Na opinião da professora Élida Graziane Pinto, “passados dez anos da sua edição, podemos sinceramente avaliar como não cumprida a promessa da Emenda 29 de conferir estabilidade e suporte mínimo de recursos para o SUS”. Conforme destaca, não é a falta da CPMF o fator gerador do problema de financiamento do SUS e sim a ineficiência da correção sobre o gasto mínimo federal. Este, atualmente, é aplicado apenas pela variação do PIB, ocasionando a regressividade do gasto federal em saúde. (Ver artigo na íntegra clicando aqui).
Em momento algum a Série “aterrorizante” da RBS coloca em questão o porquê da falta de recursos do SUS, responsável por produzir os problemas artisticamente midiatizados. Para abordar a questão da saúde pública no Brasil é preciso considerar, necessariamente, os projetos de Lei 01/2003 e 121/2007, os quais tramitam, respectivamente, na Câmara dos Deputados e no Senado. Ambos têm o intuito de regulamentar a Emenda 29 e, com isso, estipular um dever de gasto público mais adequado as reais necessidades dos usuários. O Governo Federal tem a obrigação de aplicar, nesta área, um gasto mínimo compatível à sua receita.

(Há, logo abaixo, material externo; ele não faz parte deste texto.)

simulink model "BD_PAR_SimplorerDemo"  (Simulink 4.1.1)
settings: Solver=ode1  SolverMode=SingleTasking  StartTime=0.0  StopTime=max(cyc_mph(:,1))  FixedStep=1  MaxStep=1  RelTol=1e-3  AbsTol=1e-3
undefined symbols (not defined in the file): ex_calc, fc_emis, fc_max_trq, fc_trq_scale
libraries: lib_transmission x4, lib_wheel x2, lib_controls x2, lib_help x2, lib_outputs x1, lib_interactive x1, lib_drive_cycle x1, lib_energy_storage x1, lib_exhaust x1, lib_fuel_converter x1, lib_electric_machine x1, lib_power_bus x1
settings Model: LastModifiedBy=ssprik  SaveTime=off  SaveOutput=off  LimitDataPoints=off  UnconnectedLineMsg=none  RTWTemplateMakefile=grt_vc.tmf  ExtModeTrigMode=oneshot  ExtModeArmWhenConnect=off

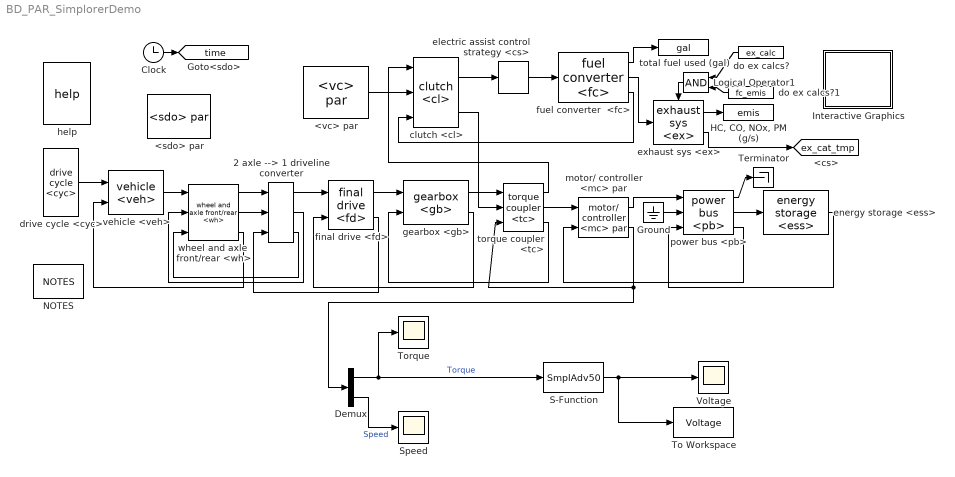
== system BD_PAR_SimplorerDemo ==
  2 axle --> 1 driveline converter : lib_wheel/2 axle --> 1 driveline converter
      settings: RTWFcnNameOpts=Auto  RTWFileNameOpts=Auto
  <sdo> par : lib_outputs/<sdo> par
  <vc> par : lib_controls/<vc> par
      link override config traction control: BlockChoice=traction control
  Clock : Clock
      settings: DisplayTime=off  Decimation=10
  Demux : Demux  Outputs=2  BusSelectionMode=off
  Ground : Ground
  "HC, CO, NOx, PM (g/s)" : ToWorkspace  VariableName=emis  SampleTime=0  SaveFormat=Array
  Interactive Graphics : Subsystem  BlockChoice=off
      settings: AttributesFormatString=%<BlockChoice>  TemplateBlock=lib_interactive/Interactive Graphics  MemberBlocks=off,on  RTWFcnNameOpts=Auto  RTWFileNameOpts=Auto
  Logical Operator1 : Logic  Orientation=left  Operator=AND  Inputs=2
  NOTES : lib_help/NOTES
  S-Function : S-Function  FunctionName=SmplAdv50  Parameters=0,1.0  PortCounts=[]  SFunctionModules=''
  Speed : Scope
      settings: TimeRange=auto  YMin=0  YMax=550  SaveToWorkspace=off  SaveName=ScopeData2  LimitDataPoints=on  MaxDataPoints=5000
  Terminator : Terminator
  To Workspace : ToWorkspace  VariableName=Voltage  SampleTime=-1  SaveFormat=Array
  Torque : Scope
      settings: TimeRange=auto  YMin=-65  YMax=20  SaveToWorkspace=off  LimitDataPoints=on  MaxDataPoints=5000
  Voltage : Scope
      settings: TimeRange=1400  YMin=-5000  YMax=1000  SaveToWorkspace=off  SaveName=ScopeData  LimitDataPoints=on  MaxDataPoints=5000
  clutch <cl> : lib_transmission/clutch <cl>  slip_spd=vc_launch_spd  maxtrq=max(fc_max_trq)*fc_trq_scale
  do ex calcs? : Constant  Orientation=left  Value=ex_calc
  do ex calcs?1 : Constant  Orientation=left  Value=fc_emis
  drive cycle <cyc> : lib_drive_cycle/drive cycle <cyc>
  electric assist control strategy <cs> : lib_controls/electric assist control strategy <cs>
  energy storage <ess> : lib_energy_storage/energy storage <ess>  AncestorBlock=lib_energy_storage/Subsystem/energy storage <ess>
      link override ess config: BlockChoice=energy storage <ess>
  exhaust sys <ex> : lib_exhaust/exhaust sys <ex>
  final drive <fd> : lib_transmission/final drive <fd>
  fuel converter  <fc> : lib_fuel_converter/fuel converter  <fc>
      link override fuel use and EO emis Configurable Subsystem: BlockChoice=fuel use and EO emis
  gearbox <gb> : lib_transmission/gearbox <gb>
  help : lib_help/help
  motor/ controller <mc> par : lib_electric_machine/motor// controller <mc> par
  power bus <pb> : lib_power_bus/power bus <pb>
  torque coupler <tc> : lib_transmission/torque coupler <tc>
  total fuel used (gal) : ToWorkspace  VariableName=gal  SampleTime=0  SaveFormat=Array
  vehicle <veh> : lib_vehicle/vehicle <veh>
      link override rolling resistance force: BlockChoice=force req'd to overcome rolling resistance (N)
      link override vehicle speed: BlockChoice=vehicle speed (m/s)
  wheel and axle  front/rear <wh> : lib_wheel/wheel and axle  front//rear <wh>
  tag scope: ex_cat_tmp=global, time=global
  wires:
  final drive <fd>/1 -> gearbox <gb>/1
  drive cycle <cyc>/1 -> vehicle <veh>/1
  clutch <cl>/1 -> electric assist control strategy <cs>/1
  electric assist control strategy <cs>/1 -> fuel converter  <fc>/1
  fuel converter  <fc>/2 -> exhaust sys <ex>/1
  do ex calcs?/1 -> Logical Operator1/1
  fuel converter  <fc>/3 -> clutch <cl>/3
  fuel converter  <fc>/1 -> total fuel used (gal)/1
  exhaust sys <ex>/1 -> "HC, CO, NOx, PM (g/s)"/1
  Logical Operator1/1 -> exhaust sys <ex>/Enable
  do ex calcs?1/1 -> Logical Operator1/2
  Clock/1 -> [time]
  gearbox <gb>/2 -> final drive <fd>/2
  torque coupler <tc>/3 -> gearbox <gb>/2
  torque coupler <tc>/1 -> clutch <cl>/1
  clutch <cl>/2 -> torque coupler <tc>/2
  gearbox <gb>/1 -> torque coupler <tc>/1
  <vc> par/1 -> clutch <cl>/2
  motor/ controller <mc> par/2 -> torque coupler <tc>/3, Demux/1
  motor/ controller <mc> par/1 -> power bus <pb>/1
  Ground/1 -> power bus <pb>/2
  power bus <pb>/3 -> motor/ controller <mc> par/2
  power bus <pb>/2 -> energy storage <ess>/1
  power bus <pb>/1 -> Terminator/1
  energy storage <ess>/1 -> power bus <pb>/3
  torque coupler <tc>/2 -> motor/ controller <mc> par/1
  exhaust sys <ex>/2 -> [ex_cat_tmp]
  Demux/1 -> S-Function/1, Torque/1  "Torque"
  Demux/2 -> Speed/1  "Speed"
  S-Function/1 -> Voltage/1, To Workspace/1
  vehicle <veh>/1 -> wheel and axle  front/rear <wh>/1
  wheel and axle  front/rear <wh>/1 -> 2 axle --> 1 driveline converter/1
  wheel and axle  front/rear <wh>/2 -> 2 axle --> 1 driveline converter/2
  2 axle --> 1 driveline converter/1 -> final drive <fd>/1
  2 axle --> 1 driveline converter/2 -> wheel and axle  front/rear <wh>/2
  2 axle --> 1 driveline converter/3 -> wheel and axle  front/rear <wh>/3
  final drive <fd>/2 -> 2 axle --> 1 driveline converter/3
  wheel and axle  front/rear <wh>/3 -> vehicle <veh>/2

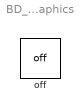
== system BD_PAR_SimplorerDemo/Interactive Graphics ==
  off : lib_interactive/off  Tag=Altia_off  Orientation=up

Desde 2007, com o fim da contribuição destinada ao custeio da saúde pública trava-se um embate político sobre a necessidade de se restabelecer a cobrança deste imposto e a verdadeira eficácia de sua aplicabilidade. Mas, a afiliada gaúcha da família Marinho, nem ao menos cogita trazer à baila estas questões. Prefere utilizar-se da habitual apologia à providência divina da iniciativa privada. Como se todos pudessem acessar os planos de saúde e, estes, representassem uma melhora considerável no atendimento da população.
Um comentário:
Eduardo, parabéns pela análise. Tem uma Medida Provisória, assinada no Governo Lula, que permite a formação de Parcerias Público-Privadas para gerenciar os hospitais públicos do país. Algumas cidades brasileiras estabeleceram isso, mas foi derrubado judicialmente por ser ilegal. Inclusive, há um movimento nacional contra isso.